# Original 70 Stingray DeLuxe



## SchwinnFan (Apr 27, 2019)

Help please!  Decals on top tube and seat tube are in great condition, bet yellowed.  Any way to clean w/o ruining decals?


----------



## Igotitbad (Apr 27, 2019)

Personally I wouldn't touch them. Looks like a super nice original bike. I think it's beutiful just the way it is.


----------



## vastingray (Apr 27, 2019)

Take a little bit of orange hand cleaner put it on your finger and slowly rub it they will come back bright white but Do NOT use it on your chainguard or fork darts


----------



## SchwinnFan (Apr 28, 2019)

vastingray said:


> Take a little bit of orange hand cleaner put it on your finger and slowly rub it they will come back bright white but Do NOT use it on your chainguard or fork darts




Thanks


----------



## stoney (Apr 28, 2019)

In the past I used windex on a clean rag and just rub lightly on the decal.
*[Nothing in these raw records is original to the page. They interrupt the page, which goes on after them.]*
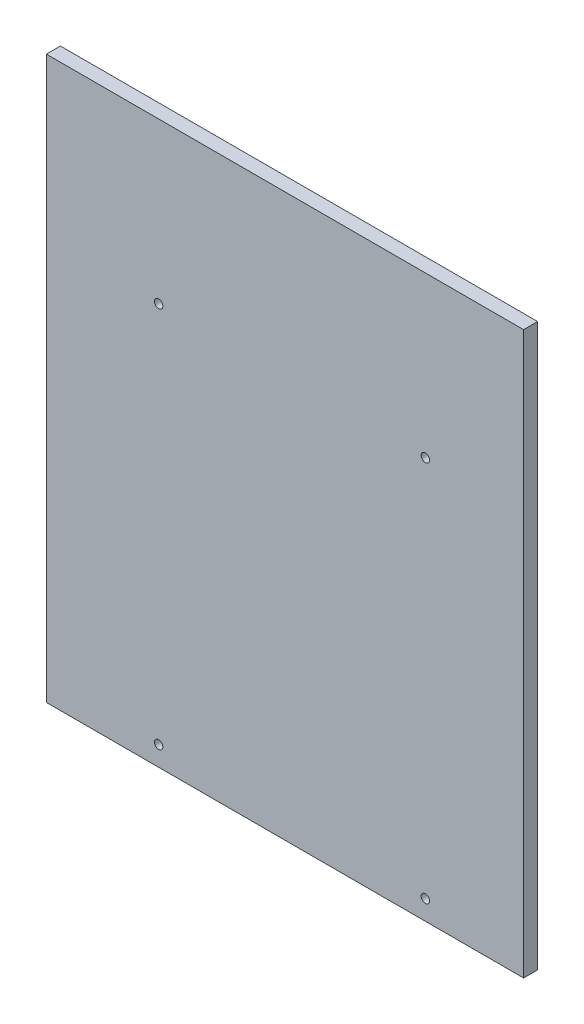
ISO-10303-21;
HEADER;
FILE_DESCRIPTION(('STEP AP214'),'2;1');
FILE_NAME('part.step','',(''),(''),'','','');
FILE_SCHEMA(('AUTOMOTIVE_DESIGN { 1 0 10303 214 1 1 1 1 }'));
ENDSEC;
DATA;
#1=APPLICATION_CONTEXT('core data for automotive mechanical design processes');
#2=APPLICATION_PROTOCOL_DEFINITION('international standard','automotive_design',2000,#1);
#3=PRODUCT_CONTEXT('',#1,'mechanical');
#4=PRODUCT('Part','Part','',(#3));
#5=PRODUCT_RELATED_PRODUCT_CATEGORY('part','',(#4));
#6=PRODUCT_DEFINITION_FORMATION('','',#4);
#7=PRODUCT_DEFINITION_CONTEXT('part definition',#1,'design');
#8=PRODUCT_DEFINITION('design','',#6,#7);
#9=PRODUCT_DEFINITION_SHAPE('','',#8);
#10=(LENGTH_UNIT() NAMED_UNIT(*) SI_UNIT(.MILLI.,.METRE.));
#11=(NAMED_UNIT(*) PLANE_ANGLE_UNIT() SI_UNIT($,.RADIAN.));
#12=(NAMED_UNIT(*) SI_UNIT($,.STERADIAN.) SOLID_ANGLE_UNIT());
#13=UNCERTAINTY_MEASURE_WITH_UNIT(LENGTH_MEASURE(1.E-05),#10,'distance_accuracy_value','');
#14=(GEOMETRIC_REPRESENTATION_CONTEXT(3) GLOBAL_UNCERTAINTY_ASSIGNED_CONTEXT((#13)) GLOBAL_UNIT_ASSIGNED_CONTEXT((#10,
#11,#12)) REPRESENTATION_CONTEXT('',''));
#15=CARTESIAN_POINT('',(0.,0.,0.));
#16=DIRECTION('',(0.,0.,1.));
#17=DIRECTION('',(1.,0.,0.));
#18=AXIS2_PLACEMENT_3D('',#15,#16,#17);
#19=CARTESIAN_POINT('',(0.,0.,5.));
#20=DIRECTION('',(0.,0.,-1.));
#21=DIRECTION('',(-1.,0.,0.));
#22=AXIS2_PLACEMENT_3D('',#19,#20,#21);
#23=PLANE('',#22);
#24=DIRECTION('',(0.,1.,0.));
#25=VECTOR('',#24,1.);
#26=CARTESIAN_POINT('',(85.,-100.,5.));
#27=LINE('',#26,#25);
#28=CARTESIAN_POINT('',(85.,-100.,5.));
#29=VERTEX_POINT('',#28);
#30=CARTESIAN_POINT('',(85.,100.,5.));
#31=VERTEX_POINT('',#30);
#32=EDGE_CURVE('E85',#29,#31,#27,.T.);
#33=ORIENTED_EDGE('',*,*,#32,.T.);
#34=DIRECTION('',(-1.,0.,0.));
#35=VECTOR('',#34,1.);
#36=CARTESIAN_POINT('',(-85.,100.,5.));
#37=LINE('',#36,#35);
#38=CARTESIAN_POINT('',(-85.,100.,5.));
#39=VERTEX_POINT('',#38);
#40=EDGE_CURVE('E80',#31,#39,#37,.T.);
#41=ORIENTED_EDGE('',*,*,#40,.T.);
#42=DIRECTION('',(0.,-1.,0.));
#43=VECTOR('',#42,1.);
#44=CARTESIAN_POINT('',(-85.,-100.,5.));
#45=LINE('',#44,#43);
#46=CARTESIAN_POINT('',(-85.,-100.,5.));
#47=VERTEX_POINT('',#46);
#48=EDGE_CURVE('E83',#39,#47,#45,.T.);
#49=ORIENTED_EDGE('',*,*,#48,.T.);
#50=DIRECTION('',(1.,0.,0.));
#51=VECTOR('',#50,1.);
#52=CARTESIAN_POINT('',(-85.,-100.,5.));
#53=LINE('',#52,#51);
#54=EDGE_CURVE('E50',#47,#29,#53,.T.);
#55=ORIENTED_EDGE('',*,*,#54,.T.);
#56=EDGE_LOOP('',(#33,#41,#49,#55));
#57=FACE_BOUND('',#56,.T.);
#58=CARTESIAN_POINT('',(-45.,43.,5.));
#59=DIRECTION('',(0.,0.,1.));
#60=DIRECTION('',(1.,0.,0.));
#61=AXIS2_PLACEMENT_3D('',#58,#59,#60);
#62=CIRCLE('',#61,1.5);
#63=CARTESIAN_POINT('',(-43.5,43.,5.));
#64=VERTEX_POINT('',#63);
#65=EDGE_CURVE('E100',#64,#64,#62,.T.);
#66=ORIENTED_EDGE('',*,*,#65,.F.);
#67=EDGE_LOOP('',(#66));
#68=FACE_BOUND('',#67,.T.);
#69=CARTESIAN_POINT('',(50.,43.,5.));
#70=DIRECTION('',(0.,0.,1.));
#71=DIRECTION('',(1.,0.,0.));
#72=AXIS2_PLACEMENT_3D('',#69,#70,#71);
#73=CIRCLE('',#72,1.5);
#74=CARTESIAN_POINT('',(51.5,43.,5.));
#75=VERTEX_POINT('',#74);
#76=EDGE_CURVE('E115',#75,#75,#73,.T.);
#77=ORIENTED_EDGE('',*,*,#76,.F.);
#78=EDGE_LOOP('',(#77));
#79=FACE_BOUND('',#78,.T.);
#80=CARTESIAN_POINT('',(50.,-93.,5.));
#81=DIRECTION('',(0.,0.,1.));
#82=DIRECTION('',(1.,0.,0.));
#83=AXIS2_PLACEMENT_3D('',#80,#81,#82);
#84=CIRCLE('',#83,1.5);
#85=CARTESIAN_POINT('',(51.5,-93.,5.));
#86=VERTEX_POINT('',#85);
#87=EDGE_CURVE('E121',#86,#86,#84,.T.);
#88=ORIENTED_EDGE('',*,*,#87,.F.);
#89=EDGE_LOOP('',(#88));
#90=FACE_BOUND('',#89,.T.);
#91=CARTESIAN_POINT('',(-45.,-93.,5.));
#92=DIRECTION('',(0.,0.,1.));
#93=DIRECTION('',(1.,0.,0.));
#94=AXIS2_PLACEMENT_3D('',#91,#92,#93);
#95=CIRCLE('',#94,1.5);
#96=CARTESIAN_POINT('',(-43.5,-93.,5.));
#97=VERTEX_POINT('',#96);
#98=EDGE_CURVE('E127',#97,#97,#95,.T.);
#99=ORIENTED_EDGE('',*,*,#98,.F.);
#100=EDGE_LOOP('',(#99));
#101=FACE_BOUND('',#100,.T.);
#102=ADVANCED_FACE('F33',(#57,#68,#79,#90,#101),#23,.F.);
#103=CARTESIAN_POINT('',(0.,0.,0.));
#104=DIRECTION('',(0.,0.,-1.));
#105=DIRECTION('',(-1.,0.,0.));
#106=AXIS2_PLACEMENT_3D('',#103,#104,#105);
#107=PLANE('',#106);
#108=CARTESIAN_POINT('',(50.,-93.,0.));
#109=DIRECTION('',(0.,0.,1.));
#110=DIRECTION('',(1.,0.,0.));
#111=AXIS2_PLACEMENT_3D('',#108,#109,#110);
#112=CIRCLE('',#111,1.5);
#113=CARTESIAN_POINT('',(51.5,-93.,0.));
#114=VERTEX_POINT('',#113);
#115=EDGE_CURVE('E124',#114,#114,#112,.T.);
#116=ORIENTED_EDGE('',*,*,#115,.T.);
#117=EDGE_LOOP('',(#116));
#118=FACE_BOUND('',#117,.T.);
#119=CARTESIAN_POINT('',(-45.,43.,0.));
#120=DIRECTION('',(0.,0.,1.));
#121=DIRECTION('',(1.,0.,0.));
#122=AXIS2_PLACEMENT_3D('',#119,#120,#121);
#123=CIRCLE('',#122,1.5);
#124=CARTESIAN_POINT('',(-43.5,43.,0.));
#125=VERTEX_POINT('',#124);
#126=EDGE_CURVE('E112',#125,#125,#123,.T.);
#127=ORIENTED_EDGE('',*,*,#126,.T.);
#128=EDGE_LOOP('',(#127));
#129=FACE_BOUND('',#128,.T.);
#130=DIRECTION('',(0.,1.,0.));
#131=VECTOR('',#130,1.);
#132=CARTESIAN_POINT('',(85.,-100.,0.));
#133=LINE('',#132,#131);
#134=CARTESIAN_POINT('',(85.,-100.,0.));
#135=VERTEX_POINT('',#134);
#136=CARTESIAN_POINT('',(85.,100.,0.));
#137=VERTEX_POINT('',#136);
#138=EDGE_CURVE('E97',#135,#137,#133,.T.);
#139=ORIENTED_EDGE('',*,*,#138,.F.);
#140=DIRECTION('',(1.,0.,0.));
#141=VECTOR('',#140,1.);
#142=CARTESIAN_POINT('',(-85.,-100.,0.));
#143=LINE('',#142,#141);
#144=CARTESIAN_POINT('',(-85.,-100.,0.));
#145=VERTEX_POINT('',#144);
#146=EDGE_CURVE('E73',#145,#135,#143,.T.);
#147=ORIENTED_EDGE('',*,*,#146,.F.);
#148=DIRECTION('',(0.,-1.,0.));
#149=VECTOR('',#148,1.);
#150=CARTESIAN_POINT('',(-85.,-100.,0.));
#151=LINE('',#150,#149);
#152=CARTESIAN_POINT('',(-85.,100.,0.));
#153=VERTEX_POINT('',#152);
#154=EDGE_CURVE('E67',#153,#145,#151,.T.);
#155=ORIENTED_EDGE('',*,*,#154,.F.);
#156=DIRECTION('',(-1.,0.,0.));
#157=VECTOR('',#156,1.);
#158=CARTESIAN_POINT('',(-85.,100.,0.));
#159=LINE('',#158,#157);
#160=EDGE_CURVE('E89',#137,#153,#159,.T.);
#161=ORIENTED_EDGE('',*,*,#160,.F.);
#162=EDGE_LOOP('',(#139,#147,#155,#161));
#163=FACE_BOUND('',#162,.T.);
#164=CARTESIAN_POINT('',(50.,43.,0.));
#165=DIRECTION('',(0.,0.,1.));
#166=DIRECTION('',(1.,0.,0.));
#167=AXIS2_PLACEMENT_3D('',#164,#165,#166);
#168=CIRCLE('',#167,1.5);
#169=CARTESIAN_POINT('',(51.5,43.,0.));
#170=VERTEX_POINT('',#169);
#171=EDGE_CURVE('E118',#170,#170,#168,.T.);
#172=ORIENTED_EDGE('',*,*,#171,.T.);
#173=EDGE_LOOP('',(#172));
#174=FACE_BOUND('',#173,.T.);
#175=CARTESIAN_POINT('',(-45.,-93.,0.));
#176=DIRECTION('',(0.,0.,1.));
#177=DIRECTION('',(1.,0.,0.));
#178=AXIS2_PLACEMENT_3D('',#175,#176,#177);
#179=CIRCLE('',#178,1.5);
#180=CARTESIAN_POINT('',(-43.5,-93.,0.));
#181=VERTEX_POINT('',#180);
#182=EDGE_CURVE('E130',#181,#181,#179,.T.);
#183=ORIENTED_EDGE('',*,*,#182,.T.);
#184=EDGE_LOOP('',(#183));
#185=FACE_BOUND('',#184,.T.);
#186=ADVANCED_FACE('F108',(#118,#129,#163,#174,#185),#107,.T.);
#187=CARTESIAN_POINT('',(85.,-100.,5.));
#188=DIRECTION('',(-1.,0.,0.));
#189=DIRECTION('',(0.,0.,1.));
#190=AXIS2_PLACEMENT_3D('',#187,#188,#189);
#191=PLANE('',#190);
#192=ORIENTED_EDGE('',*,*,#138,.T.);
#193=DIRECTION('',(0.,0.,-1.));
#194=VECTOR('',#193,1.);
#195=CARTESIAN_POINT('',(85.,100.,5.));
#196=LINE('',#195,#194);
#197=EDGE_CURVE('E11',#31,#137,#196,.T.);
#198=ORIENTED_EDGE('',*,*,#197,.F.);
#199=ORIENTED_EDGE('',*,*,#32,.F.);
#200=DIRECTION('',(0.,0.,-1.));
#201=VECTOR('',#200,1.);
#202=CARTESIAN_POINT('',(85.,-100.,5.));
#203=LINE('',#202,#201);
#204=EDGE_CURVE('E93',#29,#135,#203,.T.);
#205=ORIENTED_EDGE('',*,*,#204,.T.);
#206=EDGE_LOOP('',(#192,#198,#199,#205));
#207=FACE_BOUND('',#206,.T.);
#208=ADVANCED_FACE('F35',(#207),#191,.F.);
#209=CARTESIAN_POINT('',(-85.,100.,5.));
#210=DIRECTION('',(0.,-1.,0.));
#211=DIRECTION('',(0.,0.,-1.));
#212=AXIS2_PLACEMENT_3D('',#209,#210,#211);
#213=PLANE('',#212);
#214=ORIENTED_EDGE('',*,*,#160,.T.);
#215=DIRECTION('',(0.,0.,-1.));
#216=VECTOR('',#215,1.);
#217=CARTESIAN_POINT('',(-85.,100.,5.));
#218=LINE('',#217,#216);
#219=EDGE_CURVE('E42',#39,#153,#218,.T.);
#220=ORIENTED_EDGE('',*,*,#219,.F.);
#221=ORIENTED_EDGE('',*,*,#40,.F.);
#222=ORIENTED_EDGE('',*,*,#197,.T.);
#223=EDGE_LOOP('',(#214,#220,#221,#222));
#224=FACE_BOUND('',#223,.T.);
#225=ADVANCED_FACE('F88',(#224),#213,.F.);
#226=CARTESIAN_POINT('',(-85.,-100.,5.));
#227=DIRECTION('',(1.,0.,0.));
#228=DIRECTION('',(0.,0.,-1.));
#229=AXIS2_PLACEMENT_3D('',#226,#227,#228);
#230=PLANE('',#229);
#231=ORIENTED_EDGE('',*,*,#154,.T.);
#232=DIRECTION('',(0.,0.,-1.));
#233=VECTOR('',#232,1.);
#234=CARTESIAN_POINT('',(-85.,-100.,5.));
#235=LINE('',#234,#233);
#236=EDGE_CURVE('E90',#47,#145,#235,.T.);
#237=ORIENTED_EDGE('',*,*,#236,.F.);
#238=ORIENTED_EDGE('',*,*,#48,.F.);
#239=ORIENTED_EDGE('',*,*,#219,.T.);
#240=EDGE_LOOP('',(#231,#237,#238,#239));
#241=FACE_BOUND('',#240,.T.);
#242=ADVANCED_FACE('F91',(#241),#230,.F.);
#243=CARTESIAN_POINT('',(-85.,-100.,5.));
#244=DIRECTION('',(0.,1.,0.));
#245=DIRECTION('',(0.,0.,1.));
#246=AXIS2_PLACEMENT_3D('',#243,#244,#245);
#247=PLANE('',#246);
#248=ORIENTED_EDGE('',*,*,#146,.T.);
#249=ORIENTED_EDGE('',*,*,#204,.F.);
#250=ORIENTED_EDGE('',*,*,#54,.F.);
#251=ORIENTED_EDGE('',*,*,#236,.T.);
#252=EDGE_LOOP('',(#248,#249,#250,#251));
#253=FACE_BOUND('',#252,.T.);
#254=ADVANCED_FACE('F105',(#253),#247,.F.);
#255=CARTESIAN_POINT('',(-45.,43.,5.));
#256=DIRECTION('',(0.,0.,-1.));
#257=DIRECTION('',(-1.,0.,0.));
#258=AXIS2_PLACEMENT_3D('',#255,#256,#257);
#259=CYLINDRICAL_SURFACE('',#258,1.5);
#260=ORIENTED_EDGE('',*,*,#65,.T.);
#261=EDGE_LOOP('',(#260));
#262=FACE_BOUND('',#261,.T.);
#263=ORIENTED_EDGE('',*,*,#126,.F.);
#264=EDGE_LOOP('',(#263));
#265=FACE_BOUND('',#264,.T.);
#266=ADVANCED_FACE('F147',(#262,#265),#259,.F.);
#267=CARTESIAN_POINT('',(50.,43.,5.));
#268=DIRECTION('',(0.,0.,-1.));
#269=DIRECTION('',(-1.,0.,0.));
#270=AXIS2_PLACEMENT_3D('',#267,#268,#269);
#271=CYLINDRICAL_SURFACE('',#270,1.5);
#272=ORIENTED_EDGE('',*,*,#76,.T.);
#273=EDGE_LOOP('',(#272));
#274=FACE_BOUND('',#273,.T.);
#275=ORIENTED_EDGE('',*,*,#171,.F.);
#276=EDGE_LOOP('',(#275));
#277=FACE_BOUND('',#276,.T.);
#278=ADVANCED_FACE('F193',(#274,#277),#271,.F.);
#279=CARTESIAN_POINT('',(50.,-93.,5.));
#280=DIRECTION('',(0.,0.,-1.));
#281=DIRECTION('',(-1.,0.,0.));
#282=AXIS2_PLACEMENT_3D('',#279,#280,#281);
#283=CYLINDRICAL_SURFACE('',#282,1.5);
#284=ORIENTED_EDGE('',*,*,#87,.T.);
#285=EDGE_LOOP('',(#284));
#286=FACE_BOUND('',#285,.T.);
#287=ORIENTED_EDGE('',*,*,#115,.F.);
#288=EDGE_LOOP('',(#287));
#289=FACE_BOUND('',#288,.T.);
#290=ADVANCED_FACE('F201',(#286,#289),#283,.F.);
#291=CARTESIAN_POINT('',(-45.,-93.,5.));
#292=DIRECTION('',(0.,0.,-1.));
#293=DIRECTION('',(-1.,0.,0.));
#294=AXIS2_PLACEMENT_3D('',#291,#292,#293);
#295=CYLINDRICAL_SURFACE('',#294,1.5);
#296=ORIENTED_EDGE('',*,*,#98,.T.);
#297=EDGE_LOOP('',(#296));
#298=FACE_BOUND('',#297,.T.);
#299=ORIENTED_EDGE('',*,*,#182,.F.);
#300=EDGE_LOOP('',(#299));
#301=FACE_BOUND('',#300,.T.);
#302=ADVANCED_FACE('F136',(#298,#301),#295,.F.);
#303=CLOSED_SHELL('',(#102,#186,#208,#225,#242,#254,#266,#278,#290,#302));
#304=MANIFOLD_SOLID_BREP('B2',#303);
#305=ADVANCED_BREP_SHAPE_REPRESENTATION('',(#18,#304),#14);
#306=SHAPE_DEFINITION_REPRESENTATION(#9,#305);
ENDSEC;
END-ISO-10303-21;

Takes more than 1 application. As said above, DO NOT use on chain guard or fork darts.


----------



## Igotitbad (Apr 29, 2019)

Was your bike in the show at Ann Arbor on Sunday?


----------



## SchwinnFan (Apr 29, 2019)

Igotitbad said:


> Was your bike in the show at Ann arbor on Sunday?




Yes that was my bike. First time I entered in a bike show. I was pretty geeked when it won.


----------



## Igotitbad (Apr 29, 2019)

I thought it must be the same bike. Congratulations.


----------